Dies ist vor allem der entscheidende Grund für meinen Ausstieg aus dem Startup-Leben. So ungern ich das tolle Team verlasse, so mehr wächst in mir der Drang, endlich ein Gebiet näher und ausgiebiger kennenzulernen. Endlich etwas mehr Fachwissen aufzubauen, ohne Fachidiot zu werden. Aus diesem Grund habe ich mich dafür entschieden in die Agentur Welt zu gehen.

Viele werden sich jetzt Fragen, ob es in den Agenturen nicht ähnlich abläuft wie in Startups?

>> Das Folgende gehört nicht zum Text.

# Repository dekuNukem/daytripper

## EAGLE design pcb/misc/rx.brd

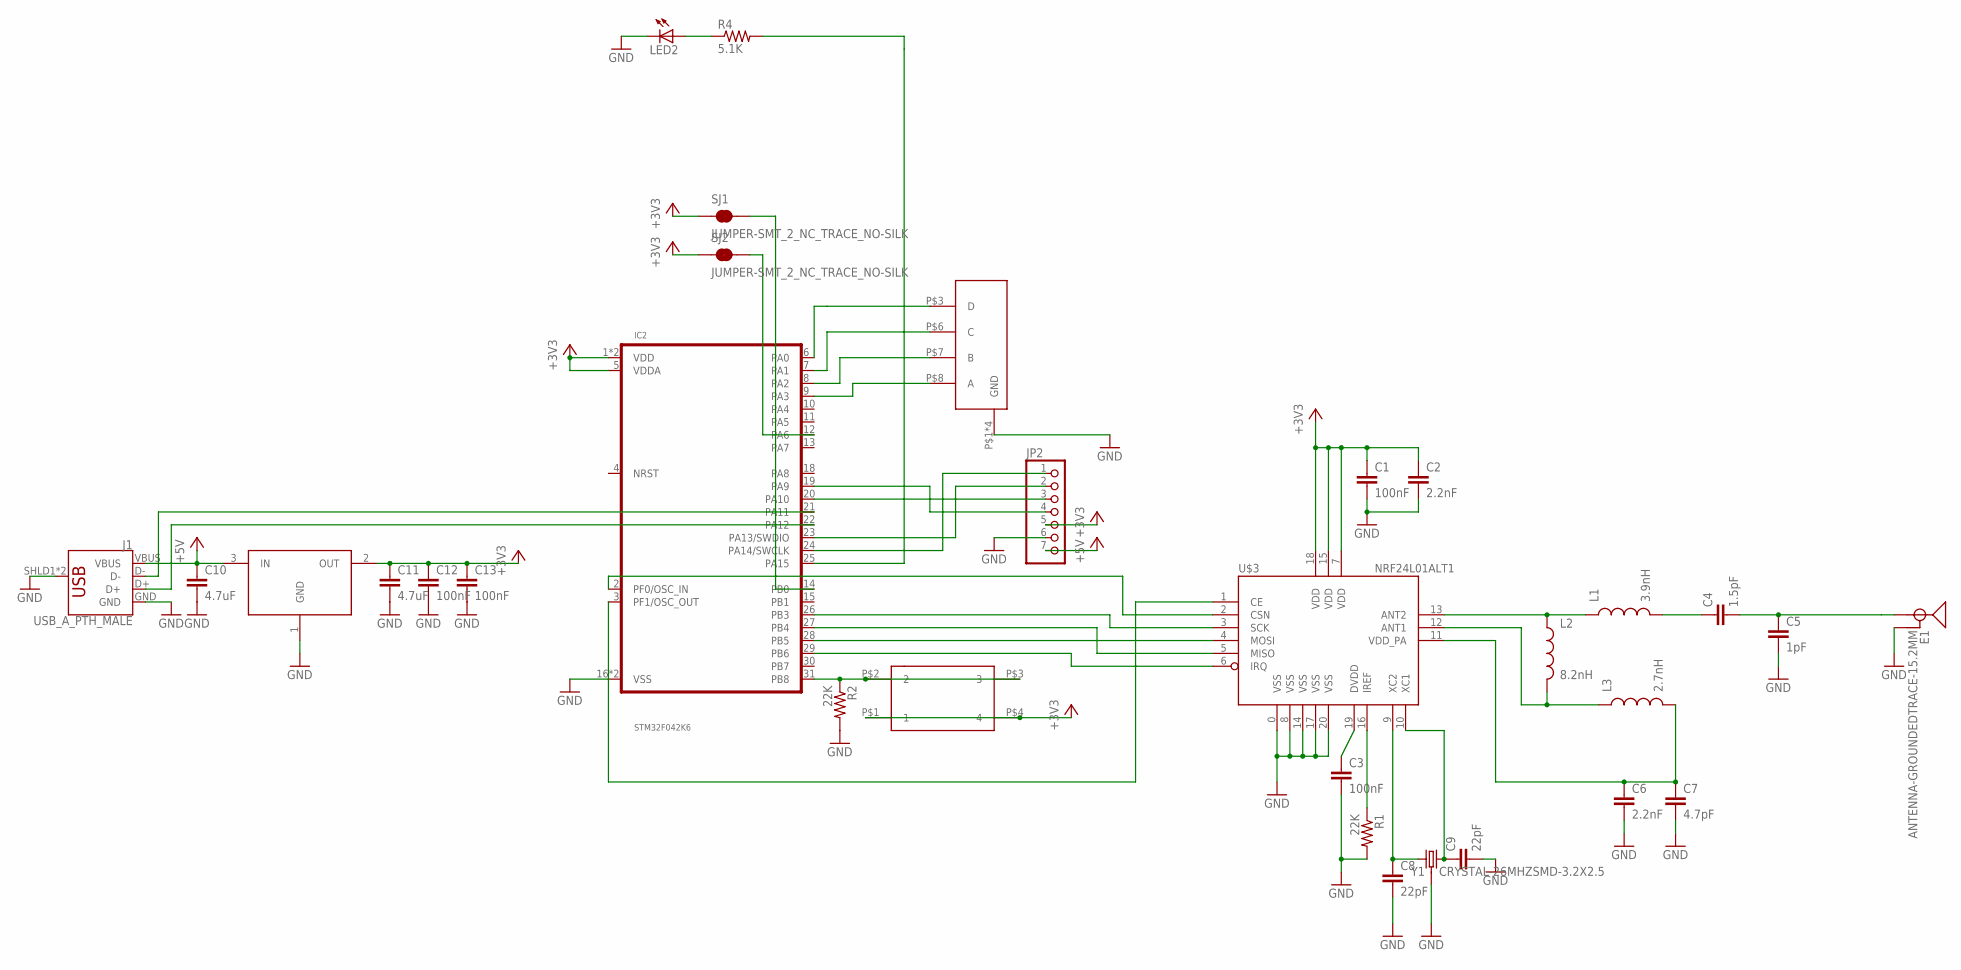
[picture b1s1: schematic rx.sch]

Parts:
C1, C3, C12, C13: 100nF; 0805
C2, C6: 2.2nF; 0805
C4: 1.5pF; 0805
C5: 1pF; 0805
C7: 4.7pF; 0805
C8, C9: 22pF; 0805
C10, C11: 4.7uF; 0805
E1: ANTENNA-GROUNDEDTRACE-15.2MM; TRACE_ANTENNA_2.4GHZ_15.2MM
IC2: STM32F042K6; TQFP32-08
J1: USB_A_PTH_MALE; USB-A-H
JP2: PINHD-1X8CLEANBIG; 1X08-CLEANBIG
L1: 3.9nH; 0805
L2: 8.2nH; 0805
L3: 2.7nH; 0805
LED2: LEDCHIP-LED0805; CHIP-LED0805
R1, R2: 22K; 0805
R4: 5.1K; 0805
SJ1, SJ2: JUMPER-SMT_2_NC_TRACE_NO-SILK; SMT-JUMPER_2_NC_TRACE_NO-SILK
U$1: SW_3POS_DEVSW_3POS_OFFICIAL; SW_3POS_FOOT_OFFICIAL
U$3: NRF24L01ALT1; QFN20_ALT1
U$4: XC6206_DEV; SOT23R_INFINEON
U$10: 324_SW; 342_SWICH_FOOT
Y1: CRYSTAL-26MHZSMD-3.2X2.5; CRYSTAL-SMD-3.2X2.5MM

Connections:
+3V3: C1.1, C2.1, C11.1, C12.1, C13.1, IC2.1 (VDD), IC2.5 (VDDA), IC2.17 (VDD), JP2.5, SJ1.1, SJ2.1, U$3.7 (VDD), U$3.15 (VDD), U$3.18 (VDD), U$4.2 (OUT), U$10.P$1 (1), U$10.P$4 (4)
+5V: C10.1, J1.VBUS, JP2.7, U$4.3 (IN)
GND: C1.2, C2.2, C3.2, C5.2, C6.2, C7.2, C8.2, C9.2, C10.2, C11.2, C12.2, C13.2, E1.GND, IC2.16 (VSS), IC2.32 (VSS), J1.GND, J1.SHLD1 (SHIELD), J1.SHLD2 (SHIELD), JP2.6, LED2.C, R1.2, R2.2, U$1.P$1 (GND), U$1.P$2 (GND), U$1.P$4 (GND), U$1.P$5 (GND), U$3.0 (VSS), U$3.8 (VSS), U$3.14 (VSS), U$3.17 (VSS), U$3.20 (VSS), U$4.1 (GND), Y1.2 (3), Y1.4 (3)
unnamed: C3.1, U$3.19 (DVDD)
unnamed: R1.1, U$3.16 (IREF)
unnamed: L1.1, L2.1, U$3.13 (ANT2)
unnamed: C4.1, L1.2
unnamed: C4.2, C5.1, E1.ANT (SIGNAL)
unnamed: L2.2, L3.1, U$3.12 (ANT1)
unnamed: C8.1, U$3.9 (XC2), Y1.1
unnamed: C6.1, C7.1, L3.2, U$3.11 (VDD_PA)
unnamed: C9.1, U$3.10 (XC1), Y1.3 (2)
unnamed: IC2.6 (PA0), U$1.P$3 (D)
unnamed: IC2.31 (PB8), R2.1, U$10.P$2 (2), U$10.P$3 (3)
unnamed: IC2.21 (PA11), J1.D-
unnamed: IC2.22 (PA12), J1.D+
unnamed: IC2.28 (PB5), U$3.4 (MOSI)
unnamed: IC2.27 (PB4), U$3.5 (MISO)
unnamed: IC2.26 (PB3), U$3.3 (SCK)
unnamed: IC2.29 (PB6), U$3.6 (IRQ)
unnamed: LED2.A, R4.1
unnamed: IC2.2 (PF0/OSC_IN), U$3.2 (CSN)
unnamed: IC2.3 (PF1/OSC_OUT), U$3.1 (CE)
unnamed: IC2.24 (PA14/SWCLK), JP2.1
unnamed: IC2.23 (PA13/SWDIO), JP2.2
unnamed: IC2.20 (PA10), JP2.3
unnamed: IC2.19 (PA9), JP2.4
unnamed: IC2.7 (PA1), U$1.P$6 (C)
unnamed: IC2.8 (PA2), U$1.P$7 (B)
unnamed: IC2.9 (PA3), U$1.P$8 (A)
unnamed: IC2.25 (PA15), R4.2
unnamed: IC2.12 (PA6), SJ2.2
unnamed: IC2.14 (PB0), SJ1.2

In einigen mit Sicherheit. Vor allem Agenturen, die sich selbst breit aufstellen und von sich behaupten “Full-Service” ihren Kunden anzubieten. Aber es gibt auch Agenturen die sich auf ihre Gebiet spezialisiert haben und Kunden nur in ihrem Fachgebiet unterstützen.

Dazu kommt, dass ich als Volontär, also als Lernender in das “Abenteuer Agentur” einsteige. Ich erhoffe mir, vor allem neben spannenden Aufgaben, endlich ein Gebiet genauer kennenzulernen.

Also Tschüss Startup-Welt, auf nimmer Wiedersehen?

Auf keinen Fall. Die Dresdner PR-Agentur, welche ich ab April unterstütze, betreut neben etablierten Technologie-Unternehmen auch Startups und meine Interviewreihe “Let’s talk about Startups” wird sowieso weitergeführt. Nur habe ich mittlerweile einen etwas anderen Blick auf die Dinge. Ich weiß aus ersten Erfahrungen, wie sich kleine Gründer fühlen und mit welchen Sorgen und Hindernissen sie tagtäglich zu kämpfen haben. Davor habe ich einen Heidenrespekt. Aber ich möchte kein direkter Teil mehr sein, dieser wilden Achterbahn bestehend aus übertriebenen Finanzierungsrunden und unverhältnismäßigen Exit-Geschäften.

Ich möchte nur noch beobachten und hier und da indirekt unterstützen. Und vor allem möchte ich “tun” um es später auch zu “können”.